- Cover art featured on Steam
- Developer: Invictus Games
- Publisher: Maximum Entertainment
- Series: Maximum Football
- Engine: Unreal Engine 5
- Platforms: Xbox Series X and Series S, Microsoft Windows, MacOS, PlayStation 5
- Release: WW: June 17, 2025;
- Genre: Sports
- Mode: Single-player

= Maximum Football (2025 video game) =

Gridiron video game

Maximum Football is a gridiron football video game developed by Invictus Games and published by Maximum Entertainment. It is the successor to Maximum Football 2020, which was formerly developed by Canuck Play. Modus Games acquired the rights to the Maximum Football series and announced the successor on September 1, 2021, on Discord. Modus Games would make a formal announcement about the game's development on February 7, 2022.

The game was released on June 17, 2025 for Steam, Xbox Series X and Series S, and PlayStation 5 after an early access period on Xbox and Steam that began on November 7, 2024. The team behind the game released an official trailer on February 7, 2023, one year after the original statement. This is the first game under the new developer/publisher regime and to not include former professional player Doug Flutie. The game was originally scheduled to be released in the spring of 2023 for Windows and Mac OS but was delayed for all platforms until further notice on May 26, 2023.

The game is free-to-play which makes it one of the first triple-A sports video games to not have a price attached to it. The game is often compared to and rivaled to the EA Sports flagship National Football League title, Madden NFL which has drawn criticism for its lack of features that were featured in previous games. This comes after the hashtag #FixMaddenFranchise was trending on Twitter and other social media platforms to spread awareness of EA Sports' lack of attention to the game mode. Madden NFL is the only game with the exclusive NFL license to include the likenesses of players and coaches into the game.

== Development ==
The game was developed by Invictus Games. Many videos were posted to the Maximum Football Twitter account showcasing the creation of tackling animations and other animations that would be present in the game. An update video after the announcement of the game was released on June 30, 2022, which showed developer Micah Brown showing some of the customization, physics and gameplay features in the new game. In September 2022, another development update was posted showing specifically the customization features in the game which differ from other sports games such as NBA 2K, Madden NFL and MLB: The Show. This would all lead up to the official trailer being released on February 7, 2023, where a release date was set for PC and console.

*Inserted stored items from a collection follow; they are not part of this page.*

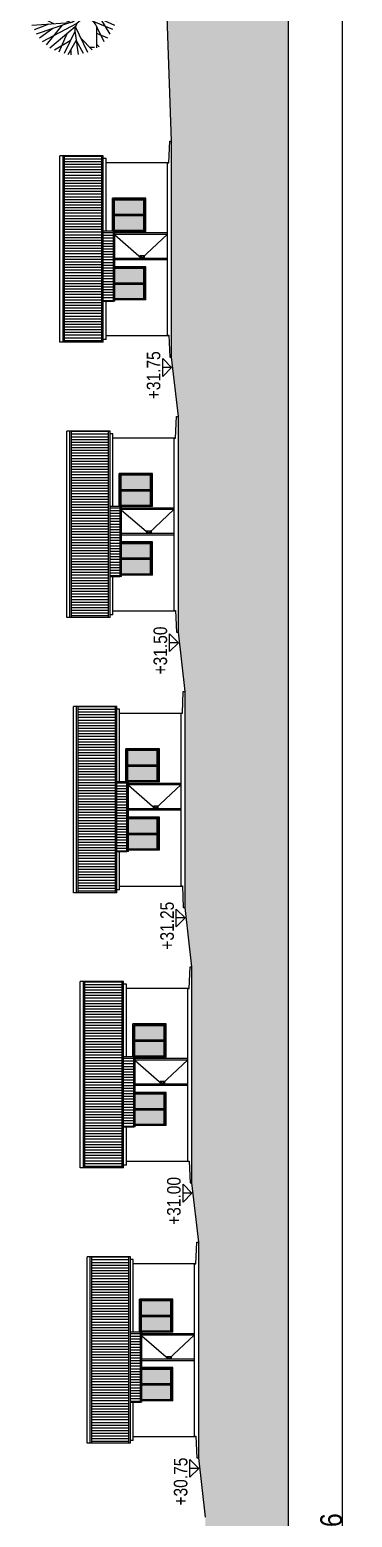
# Model space of a CAD drawing. Header units: inches. Extents: x 203 to 1065, y -1127 to 921.
# Drawn here: x 354.9 to 366.8, y 706 to 760.9 of the extents above; entities that cross this region are included whole.
import ezdxf

# ---------------------------------------------------------------- set-up
doc = ezdxf.new("R2010")
doc.units = ezdxf.units.IN
doc.header["$MEASUREMENT"] = 0
doc.header["$PDMODE"] = 35
doc.linetypes.add('CONTINUA', pattern=[0])
for name, color, linetype in [('1-PLATEA', 3, 'Continuous'), ('CORTE MUROS', 4, 'CONTINUA'), ('COTAS', 7, 'Continuous'), ('FACHADA ABERTURAS', 3, 'CONTINUA'), ('FACHADA MUROS', 3, 'CONTINUA'), ('FACHADA TECHO', 3, 'CONTINUA'), ('Vegetación', 102, 'Continuous')]:
    doc.layers.add(name, color=color, linetype=linetype)
doc.layers.add('Aux1', color=8, linetype='Continuous', transparency=0.5)
doc.styles.add('TECHNICLITE', font='techl___.ttf')
doc.dimstyles.new('1-100', dxfattribs={"dimscale": 0, "dimtxt": 0.09, "dimasz": 0.03, "dimexe": 0.12, "dimexo": 0.2, "dimgap": 0.005, "dimtad": 3, "dimzin": 0, "dimdsep": 46, "dimtxsty": 'TECHNICLITE', "dimblk1": 'COTA', "dimblk2": 'COTA', "dimsah": 1, "dimcen": 2.5, "dimse1": 1, "dimse2": 1, "dimclrd": 7, "dimclre": 7, "dimclrt": 7, "dimadec": 0, "dimazin": 0, "dimtfac": 1, "dimtdec": 6, "dimtmove": 2, "dimatfit": 3, "dimldrblk": 'COTA', "dimfxl": 1, "dimtolj": 1, "dimtzin": 0, "dimarcsym": 0})

# ---------------------------------------------------------------- blocks, each defined once
blk = doc.blocks.new('COTA')
h = blk.add_hatch(color=256)
edge = h.paths.add_edge_path()
edge.add_arc((0, 0), 0.5, 0, 360)
for p, q in [((-1.5, 0), (1.5, 0)), ((0, 2), (0, -2))]:
    blk.add_line(p, q)
blk.add_circle((0, 0), 0.5)
blk = doc.blocks.new('*D20')
at = {"layer": 'COTAS', "color": 7, "lineweight": -2, "transparency": 16777216}
blk.add_line((366.488, 618.444), (366.488, 791.049), dxfattribs=at)
at = {"layer": 'Defpoints', "color": 0, "transparency": 16777216}
for p in [(364.493, 791.229), (366.488, 791.229), (364.493, 618.264)]:
    blk.add_point(p, dxfattribs=at)
at = {"layer": 'COTAS', "color": 7, "lineweight": -2, "transparency": 16777216, "xscale": 0.18, "yscale": 0.18, "zscale": 0.18}
for p, rotation in [((366.488, 791.229), 90), ((366.488, 618.264), 270)]:
    blk.add_blockref('COTA', p, dxfattribs=dict(at, rotation=rotation))
at = {"layer": 'COTAS', "color": 7, "transparency": 16777216, "insert": (366.072, 704.746), "char_height": 0.8, "attachment_point": 5, "rotation": 90, "style": 'TECHNICLITE'}
blk.add_mtext('\\A1;172.96', dxfattribs=at)
blk = doc.blocks.new('vegetacion_02')
at = {"color": 0}
for p, q in [((-96, 1078), (-77, 799)), ((-85, 919), (4, 1094)), ((-77, 799), (43, 1094)), ((-38, 971), (-59, 1086)), ((-27, 1094), (-47, 871)), ((43, 1094), (-18, 944)), ((-18, 944), (79, 1085)), ((53, 1047), (96, 1072)), ((126, 824), (112, 1078)), ((-98, 862), (-238, 974)), ((-84, 753), (-215, 1003)), ((-120, 928), (-190, 1023)), ((-77, 799), (-160, 1047)), ((-88, 956), (-128, 1062)), ((-47, 871), (147, 1061)), ((231, 1003), (101, 781)), ((121, 916), (206, 1023)), ((176, 1047), (126, 824)), ((127, 1042), (158, 1038)), ((176, 1047), (176, 1047)), ((204, 957), (253, 982)), ((-157, 826), (-290, 884)), ((-208, 801), (-276, 914)), ((-259, 948), (-106, 765)), ((101, 781), (289, 919)), ((158, 878), (275, 948)), ((249, 890), (298, 899)), ((255, 817), (306, 884)), ((-277, 798), (-308, 796)), ((-306, 815), (-207, 759)), ((-154, 766), (-306, 745)), ((-142, 769), (-299, 846)), ((-207, 759), (-297, 708)), ((-106, 765), (-290, 676)), ((-77, 799), (-77, 799)), ((153, 819), (321, 815)), ((321, 815), (255, 817)), ((255, 817), (321, 777)), ((-190, 724), (-274, 642)), ((-255, 661), (-253, 626)), ((-8, 671), (97, 479)), ((61, 743), (315, 716)), ((75, 694), (321, 745)), ((93, 685), (275, 612)), ((114, 664), (112, 482)), ((203, 535), (114, 664)), ((152, 710), (289, 641)), ((189, 647), (231, 557)), ((214, 679), (306, 676)), ((-103, 611), (-259, 612)), ((-233, 612), (-251, 592)), ((-215, 557), (-103, 611)), ((-153, 611), (-186, 533)), ((-160, 513), (-50, 581)), ((-65, 642), (-125, 496)), ((-25, 635), (-96, 482)), ((-50, 581), (-27, 467)), ((-26, 615), (12, 467)), ((-15, 571), (77, 474)), ((46, 572), (43, 467)), ((113, 589), (176, 513)), ((150, 543), (148, 501)), ((244, 625), (260, 589)), ((-63, 471), (-6, 391)), ((-51, 481), (9, 406)), ((9, 406), (53, 494)), ((66, 487), (15, 385)), ((19, 489), (19, 427)), ((-6, 391), (-6, 114)), ((15, 385), (15, 114))]:
    blk.add_line(p, q, dxfattribs=at)
for centre, radius, start, end in [((-133, 687), 82, 291.545, 105.3248), ((16, 829), 97.6, 198.1269, 330.7815), ((51, 621), 76.8, 34.0996, 184.5131)]:
    blk.add_arc(centre, radius, start, end, dxfattribs=at)

msp = doc.modelspace()

# ---------------------------------------------------------------- hatches: boundary and pattern name
at = {"layer": 'Aux1', "linetype": 'ByBlock', "true_color": 0x139b48}
h = msp.add_hatch(color=114, dxfattribs=at)
h.dxf.hatch_style = 1
h.paths.add_polyline_path([(359.676, 771.107), (360.176, 756.751), (360.176, 748.789), (360.426, 746.601), (360.426, 738.639), (360.676, 736.451), (360.676, 735.905), (360.676, 728.489), (360.926, 726.301), (360.926, 725.755), (360.926, 718.339), (361.176, 716.151), (361.176, 715.763), (361.176, 708.189), (361.426, 706.001), (361.426, 705.455), (361.426, 702.97), (361.426, 701.552), (361.426, 687.889), (361.676, 685.701), (361.676, 685.155), (361.676, 677.739), (361.926, 675.551), (361.926, 675.225), (361.926, 674.403), (361.926, 672.985), (361.926, 665.023), (361.926, 663.605), (361.926, 657.439), (362.176, 655.251), (362.176, 651.27), (362.176, 647.289), (362.426, 645.101), (362.426, 637.139), (362.676, 635.337), (362.926, 618.278), (364.493, 618.278), (364.493, 791.229), (359.676, 791.229)])
at = {"layer": 'FACHADA ABERTURAS'}
for points in [[(359.149, 754.052), (359.149, 754.589), (358.063, 754.589), (358.063, 754.052)], [(358.063, 754.003), (358.063, 753.471), (359.149, 753.471), (359.149, 754.003)], [(359.399, 743.902), (359.399, 744.439), (358.313, 744.439), (358.313, 743.902)], [(358.313, 743.853), (358.313, 743.321), (359.399, 743.321), (359.399, 743.853)], [(359.649, 733.752), (359.649, 734.289), (358.563, 734.289), (358.563, 733.752)], [(358.563, 733.703), (358.563, 733.171), (359.649, 733.171), (359.649, 733.703)], [(359.899, 723.602), (359.899, 724.139), (358.813, 724.139), (358.813, 723.602)], [(358.813, 723.553), (358.813, 723.021), (359.899, 723.021), (359.899, 723.553)], [(360.149, 713.452), (360.149, 713.989), (359.063, 713.989), (359.063, 713.452)], [(359.063, 713.403), (359.063, 712.871), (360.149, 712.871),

Modus Games is a video game publisher based in the United States, known for its diverse range of titles across various platforms. The company was founded in 2017 and has quickly established itself as a leading publisher in the indie game space, partnering with developers from around the world to bring their games to a wider audience. Modus Games has published a variety of critically acclaimed titles, including Trine 4: The Nightmare Prince, Remothered: Tormented Fathers, and Cris Tales, which was nominated for multiple awards at The Game Awards 2020.

On March 20, 2023, multiple videos and screenshots were leaked on social media sites such as Discord, YouTube, Twitter and Reddit showing gameplay from early beta tests conducted by Modus Games. On May 26, 2023, the game was delayed for PC due to the readiness of the project being in question.

== Features ==
The game features multiple modes not seen before in the series, such as pro season mode where players can play through a professional season in a 32-team league, similar to the NFL regular season. Players can also advance into the playoffs through a similar style of the NFL playoffs. There is also a head to head mode where one player can play against another player using created teams or default randomized rosters.

The other featured mode is dynasty, which derives from the recently revived NCAA Football video game series, where players can take on the role of a head coach in a customizable league and recruit players to join their team and get drafted. Other modes that may come in the future of the game will be a career mode similar to the one in older Madden titles called 'Superstar'.